[INSTRUCTIONS TO FOLLOW]
Quote every line below exactly and skip any picture.

[GIVEN INFORMATION]
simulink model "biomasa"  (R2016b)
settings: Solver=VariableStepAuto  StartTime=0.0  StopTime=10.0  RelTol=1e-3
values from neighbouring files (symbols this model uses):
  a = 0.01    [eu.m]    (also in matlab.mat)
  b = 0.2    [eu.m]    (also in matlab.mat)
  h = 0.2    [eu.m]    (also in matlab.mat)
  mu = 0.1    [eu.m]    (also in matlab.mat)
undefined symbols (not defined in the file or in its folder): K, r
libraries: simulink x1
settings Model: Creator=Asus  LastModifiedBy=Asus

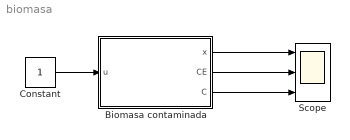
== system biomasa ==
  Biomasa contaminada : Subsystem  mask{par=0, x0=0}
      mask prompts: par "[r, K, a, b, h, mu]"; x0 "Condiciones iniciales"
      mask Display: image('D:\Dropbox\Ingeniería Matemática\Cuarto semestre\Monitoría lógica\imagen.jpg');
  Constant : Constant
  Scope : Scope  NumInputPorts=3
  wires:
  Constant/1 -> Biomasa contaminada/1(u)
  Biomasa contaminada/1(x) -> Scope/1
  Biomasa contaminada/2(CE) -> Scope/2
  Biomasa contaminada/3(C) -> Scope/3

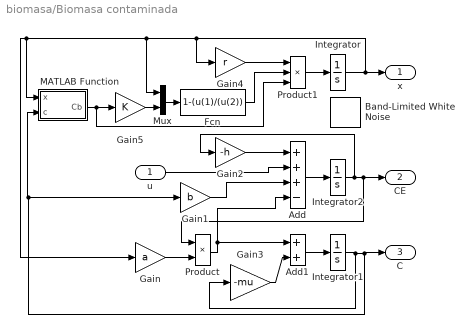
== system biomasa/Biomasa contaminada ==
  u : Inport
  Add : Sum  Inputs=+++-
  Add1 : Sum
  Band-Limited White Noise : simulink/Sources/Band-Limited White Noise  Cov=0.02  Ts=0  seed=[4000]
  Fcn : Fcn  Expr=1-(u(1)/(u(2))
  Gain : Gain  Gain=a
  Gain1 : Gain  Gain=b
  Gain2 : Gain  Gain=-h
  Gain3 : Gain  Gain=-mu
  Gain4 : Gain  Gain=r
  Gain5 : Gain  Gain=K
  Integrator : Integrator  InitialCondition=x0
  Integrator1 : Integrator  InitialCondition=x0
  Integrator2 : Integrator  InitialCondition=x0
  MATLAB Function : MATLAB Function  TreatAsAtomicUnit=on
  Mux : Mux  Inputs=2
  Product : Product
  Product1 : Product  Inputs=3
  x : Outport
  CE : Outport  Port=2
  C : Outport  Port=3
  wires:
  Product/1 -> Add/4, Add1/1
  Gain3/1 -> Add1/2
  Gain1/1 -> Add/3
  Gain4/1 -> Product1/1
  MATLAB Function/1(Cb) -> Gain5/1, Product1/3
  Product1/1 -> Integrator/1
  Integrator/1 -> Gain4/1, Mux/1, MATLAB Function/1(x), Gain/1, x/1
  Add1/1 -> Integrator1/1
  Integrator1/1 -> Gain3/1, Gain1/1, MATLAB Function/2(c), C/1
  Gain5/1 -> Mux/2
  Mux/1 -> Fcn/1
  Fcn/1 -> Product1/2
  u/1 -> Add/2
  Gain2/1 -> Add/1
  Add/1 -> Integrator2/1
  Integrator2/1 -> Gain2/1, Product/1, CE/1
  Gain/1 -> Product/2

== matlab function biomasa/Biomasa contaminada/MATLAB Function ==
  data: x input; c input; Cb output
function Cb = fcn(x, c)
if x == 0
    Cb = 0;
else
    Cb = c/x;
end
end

[OUTPUT FOR THIS EXERCISE]
simulink model "biomasa"  (R2016b)
settings: Solver=VariableStepAuto  StartTime=0.0  StopTime=10.0  RelTol=1e-3
values from neighbouring files (symbols this model uses):
  a = 0.01    [eu.m]    (also in matlab.mat)
  b = 0.2    [eu.m]    (also in matlab.mat)
  h = 0.2    [eu.m]    (also in matlab.mat)
  mu = 0.1    [eu.m]    (also in matlab.mat)
undefined symbols (not defined in the file or in its folder): K, r
libraries: simulink x1
settings Model: Creator=Asus  LastModifiedBy=Asus

== system biomasa ==
  Biomasa contaminada : Subsystem  mask{par=0, x0=0}
      mask prompts: par "[r, K, a, b, h, mu]"; x0 "Condiciones iniciales"
      mask Display: image('D:\Dropbox\Ingeniería Matemática\Cuarto semestre\Monitoría lógica\imagen.jpg');
  Constant : Constant
  Scope : Scope  NumInputPorts=3
  wires:
  Constant/1 -> Biomasa contaminada/1(u)
  Biomasa contaminada/1(x) -> Scope/1
  Biomasa contaminada/2(CE) -> Scope/2
  Biomasa contaminada/3(C) -> Scope/3

== system biomasa/Biomasa contaminada ==
  u : Inport
  Add : Sum  Inputs=+++-
  Add1 : Sum
  Band-Limited White Noise : simulink/Sources/Band-Limited White Noise  Cov=0.02  Ts=0  seed=[4000]
  Fcn : Fcn  Expr=1-(u(1)/(u(2))
  Gain : Gain  Gain=a
  Gain1 : Gain  Gain=b
  Gain2 : Gain  Gain=-h
  Gain3 : Gain  Gain=-mu
  Gain4 : Gain  Gain=r
  Gain5 : Gain  Gain=K
  Integrator : Integrator  InitialCondition=x0
  Integrator1 : Integrator  InitialCondition=x0
  Integrator2 : Integrator  InitialCondition=x0
  MATLAB Function : MATLAB Function  TreatAsAtomicUnit=on
  Mux : Mux  Inputs=2
  Product : Product
  Product1 : Product  Inputs=3
  x : Outport
  CE : Outport  Port=2
  C : Outport  Port=3
  wires:
  Product/1 -> Add/4, Add1/1
  Gain3/1 -> Add1/2
  Gain1/1 -> Add/3
  Gain4/1 -> Product1/1
  MATLAB Function/1(Cb) -> Gain5/1, Product1/3
  Product1/1 -> Integrator/1
  Integrator/1 -> Gain4/1, Mux/1, MATLAB Function/1(x), Gain/1, x/1
  Add1/1 -> Integrator1/1
  Integrator1/1 -> Gain3/1, Gain1/1, MATLAB Function/2(c), C/1
  Gain5/1 -> Mux/2
  Mux/1 -> Fcn/1
  Fcn/1 -> Product1/2
  u/1 -> Add/2
  Gain2/1 -> Add/1
  Add/1 -> Integrator2/1
  Integrator2/1 -> Gain2/1, Product/1, CE/1
  Gain/1 -> Product/2

== matlab function biomasa/Biomasa contaminada/MATLAB Function ==
  data: x input; c input; Cb output
function Cb = fcn(x, c)
if x == 0
    Cb = 0;
else
    Cb = c/x;
end
end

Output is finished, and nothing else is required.